Эта награда была создана из гонораров за работу «Инфаркт». В работе о голодной смерти он не мог принимать участия, так как тогда был лишь посыльным в больнице; но в этой работе он описал все, что узнал о людях с больным сердцем. Феодосия Голиборская говорила мне, что тогда там, в больнице, догадывались о его делах, о которых не полагалось расспрашивать; там от него не требовали слишком многого: лишь каждый день относить кровь больных тифом на санэпидстанцию. После этого он мог занять свое место у входа на Умшлагплац и стоять каждый день в течение шести недель, пока все те четыреста тысяч человек не пройдут мимо него в вагоны.

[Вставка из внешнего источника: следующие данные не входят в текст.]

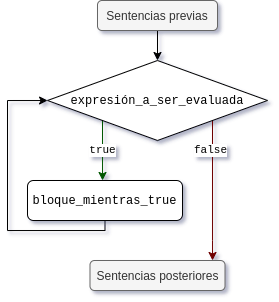

The diagram above was exported from draw.io. Its source (the exported page's mxGraphModel, read from the mxfile embedded in the PNG):
<mxGraphModel dx="756" dy="453" grid="1" gridSize="10" guides="1" tooltips="1" connect="1" arrows="1" fold="1" page="1" pageScale="1" pageWidth="827" pageHeight="1169" math="0" shadow="0">
  <root>
    <mxCell id="ojzgjxg_m96ncU9DCbFy-0" />
    <mxCell id="ojzgjxg_m96ncU9DCbFy-1" parent="ojzgjxg_m96ncU9DCbFy-0" />
    <mxCell id="tg5RL4orXICuidOhQU6f-0" value="true" style="edgeStyle=orthogonalEdgeStyle;rounded=0;orthogonalLoop=1;jettySize=auto;html=1;exitX=0;exitY=1;exitDx=0;exitDy=0;fontFamily=Courier New;fillColor=#008a00;strokeColor=#005700;" edge="1" parent="ojzgjxg_m96ncU9DCbFy-1" source="tg5RL4orXICuidOhQU6f-3" target="tg5RL4orXICuidOhQU6f-5">
      <mxGeometry relative="1" as="geometry">
        <Array as="points">
          <mxPoint x="115" y="180" />
          <mxPoint x="115" y="180" />
        </Array>
      </mxGeometry>
    </mxCell>
    <mxCell id="tg5RL4orXICuidOhQU6f-1" style="edgeStyle=orthogonalEdgeStyle;rounded=0;orthogonalLoop=1;jettySize=auto;html=1;exitX=1;exitY=1;exitDx=0;exitDy=0;fontFamily=Helvetica;fillColor=#a20025;strokeColor=#6F0000;" edge="1" parent="ojzgjxg_m96ncU9DCbFy-1" source="tg5RL4orXICuidOhQU6f-3" target="tg5RL4orXICuidOhQU6f-8">
      <mxGeometry relative="1" as="geometry">
        <Array as="points">
          <mxPoint x="225" y="270" />
          <mxPoint x="225" y="270" />
        </Array>
      </mxGeometry>
    </mxCell>
    <mxCell id="tg5RL4orXICuidOhQU6f-2" value="false" style="edgeLabel;html=1;align=center;verticalAlign=middle;resizable=0;points=[];fontFamily=Courier New;" vertex="1" connectable="0" parent="tg5RL4orXICuidOhQU6f-1">
      <mxGeometry x="-0.732" y="-2" relative="1" as="geometry">
        <mxPoint y="11.14" as="offset" />
      </mxGeometry>
    </mxCell>
    <mxCell id="tg5RL4orXICuidOhQU6f-3" value="expresión_a_ser_evaluada" style="rhombus;whiteSpace=wrap;html=1;fontFamily=Courier New;" vertex="1" parent="ojzgjxg_m96ncU9DCbFy-1">
      <mxGeometry x="60" y="90" width="220" height="80" as="geometry" />
    </mxCell>
    <mxCell id="tg5RL4orXICuidOhQU6f-4" style="edgeStyle=orthogonalEdgeStyle;rounded=0;orthogonalLoop=1;jettySize=auto;html=1;exitX=0.5;exitY=1;exitDx=0;exitDy=0;fontFamily=Helvetica;" edge="1" parent="ojzgjxg_m96ncU9DCbFy-1" source="tg5RL4orXICuidOhQU6f-5" target="tg5RL4orXICuidOhQU6f-3">
      <mxGeometry relative="1" as="geometry">
        <Array as="points">
          <mxPoint x="117" y="260" />
          <mxPoint x="20" y="260" />
          <mxPoint x="20" y="130" />
        </Array>
      </mxGeometry>
    </mxCell>
    <mxCell id="tg5RL4orXICuidOhQU6f-5" value="bloque_mientras_true" style="rounded=1;whiteSpace=wrap;html=1;fontFamily=Courier New;" vertex="1" parent="ojzgjxg_m96ncU9DCbFy-1">
      <mxGeometry x="40" y="210" width="155" height="40" as="geometry" />
    </mxCell>
    <mxCell id="tg5RL4orXICuidOhQU6f-6" style="edgeStyle=orthogonalEdgeStyle;rounded=0;orthogonalLoop=1;jettySize=auto;html=1;exitX=0.5;exitY=1;exitDx=0;exitDy=0;fontFamily=Helvetica;" edge="1" parent="ojzgjxg_m96ncU9DCbFy-1" source="tg5RL4orXICuidOhQU6f-7" target="tg5RL4orXICuidOhQU6f-3">
      <mxGeometry relative="1" as="geometry" />
    </mxCell>
    <mxCell id="tg5RL4orXICuidOhQU6f-7" value="Sentencias previas" style="rounded=1;whiteSpace=wrap;html=1;fontFamily=Helvetica;fillColor=#f5f5f5;strokeColor=#666666;fontColor=#333333;" vertex="1" parent="ojzgjxg_m96ncU9DCbFy-1">
      <mxGeometry x="110" y="30" width="120" height="30" as="geometry" />
    </mxCell>
    <mxCell id="tg5RL4orXICuidOhQU6f-8" value="Sentencias posteriores" style="rounded=1;whiteSpace=wrap;html=1;fontFamily=Helvetica;fillColor=#f5f5f5;strokeColor=#666666;fontColor=#333333;" vertex="1" parent="ojzgjxg_m96ncU9DCbFy-1">
      <mxGeometry x="102.5" y="290" width="135" height="30" as="geometry" />
    </mxCell>
  </root>
</mxGraphModel>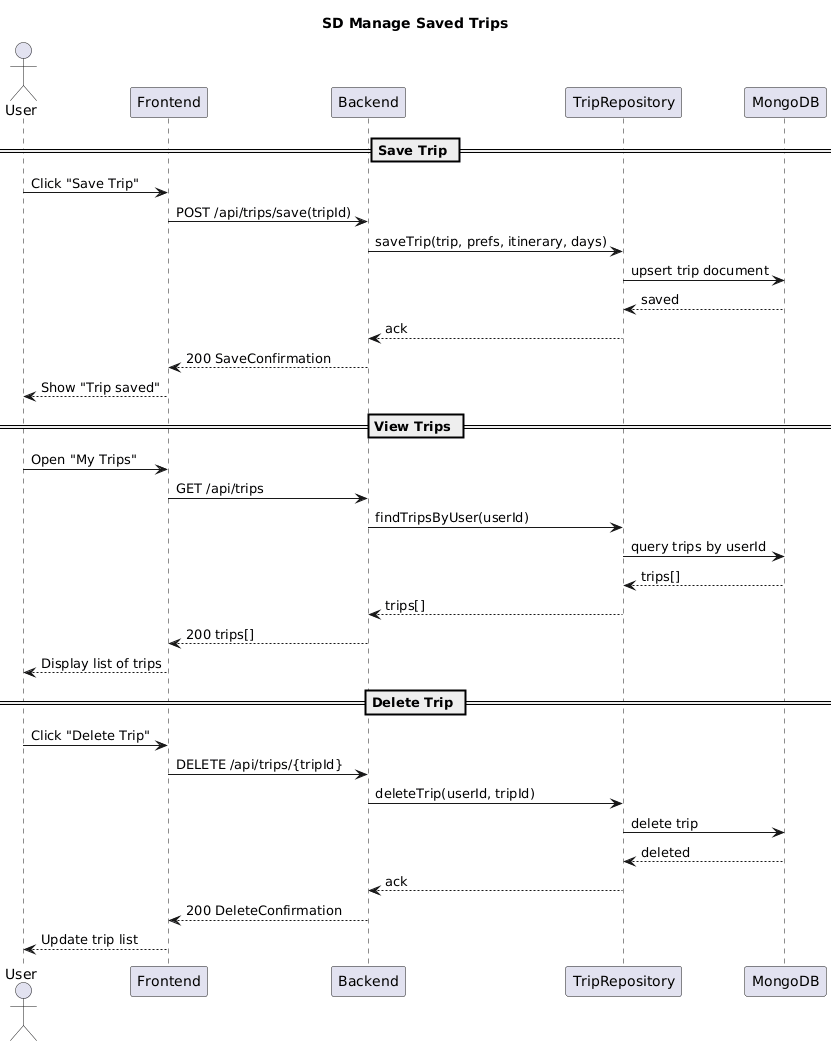

The diagram above was rendered by PlantUML. Its source (embedded in the PNG):
@startuml
title SD Manage Saved Trips

actor User as User
participant Frontend
participant Backend
participant TripRepository
participant MongoDB

== Save Trip ==
User -> Frontend: Click "Save Trip"
Frontend -> Backend: POST /api/trips/save(tripId)
Backend -> TripRepository: saveTrip(trip, prefs, itinerary, days)
TripRepository -> MongoDB: upsert trip document
MongoDB --> TripRepository: saved
TripRepository --> Backend: ack
Backend --> Frontend: 200 SaveConfirmation
Frontend --> User: Show "Trip saved"

== View Trips ==
User -> Frontend: Open "My Trips"
Frontend -> Backend: GET /api/trips
Backend -> TripRepository: findTripsByUser(userId)
TripRepository -> MongoDB: query trips by userId
MongoDB --> TripRepository: trips[]
TripRepository --> Backend: trips[]
Backend --> Frontend: 200 trips[]
Frontend --> User: Display list of trips

== Delete Trip ==
User -> Frontend: Click "Delete Trip"
Frontend -> Backend: DELETE /api/trips/{tripId}
Backend -> TripRepository: deleteTrip(userId, tripId)
TripRepository -> MongoDB: delete trip
MongoDB --> TripRepository: deleted
TripRepository --> Backend: ack
Backend --> Frontend: 200 DeleteConfirmation
Frontend --> User: Update trip list
@enduml

В фильме «Реквием по 500000» показано, как они идут. Видны даже буханки хлеба в руках. Немецкий оператор стоял в дверях вагона и оттуда фотографировал бегущую толпу, спотыкавшихся старых женщин, матерей, тянущих детей за руки. Они бегут с этим хлебом прямо на нас, на шведских журналистов, которые приехали искать материалы о гетто, бегут на Ингер, шведскую журналистку, глядящую на экран голубыми удивленными глазами: она пытается понять, почему столько людей бежит в вагоны — и раздаются выстрелы. Какое это было облегчение, когда начали стрелять. Облегчение, потому что комья земли от взрывов закрыли бегущих людей и их хлеб, а диктор сообщил о начале восстания — и теперь можно было внятно все объяснить Ингер: началось восстание, апрель сорок третьего (rising's broken out, April forty three)…
Я все время говорю ему: неплохая же была идея, эти взрывы, они закрыли людей, — а он вдруг начинает кричать. Он кричит, что, конечно, для меня те, кто бежит в вагоны, хуже тех, кто начал стрелять. «Да, да, ты так думаешь, — кричит он, — и все так считают, но все чушь, смерть в газовой камере ничем не хуже смерти в бою, наоборот (кричит), она тяжелее, гораздо легче умирать, стреляя, да, значительно легче было бы умирать им, чем матери Поли Лифшиц…» — «Хорошо, — говорю я, — да, легче смотреть на смерть стрелявших, чем на идущую в вагон мать Поли».
— Как-то раз я увидел на улице Желазна толпу. Люди собрались вокруг бочки, обычной деревянной бочки, на которой стоял еврей. Старый, низкого роста, с длинной бородой.
Рядом стояли два немецких офицера. (Двое красивых, рослых мужчин около маленького, сгорбленного еврея.) Покатываясь со смеху, немцы огромными портновскими ножницами обрезали по кусочку бороду еврея.
Толпа, которая их окружала, тоже смеялась. Честно говоря, это и в самом деле было смешно: маленький человечек на деревянной бочке, а его борода становится все короче и короче, исчезает под лязганье портновских ножниц. Как трюк в кино.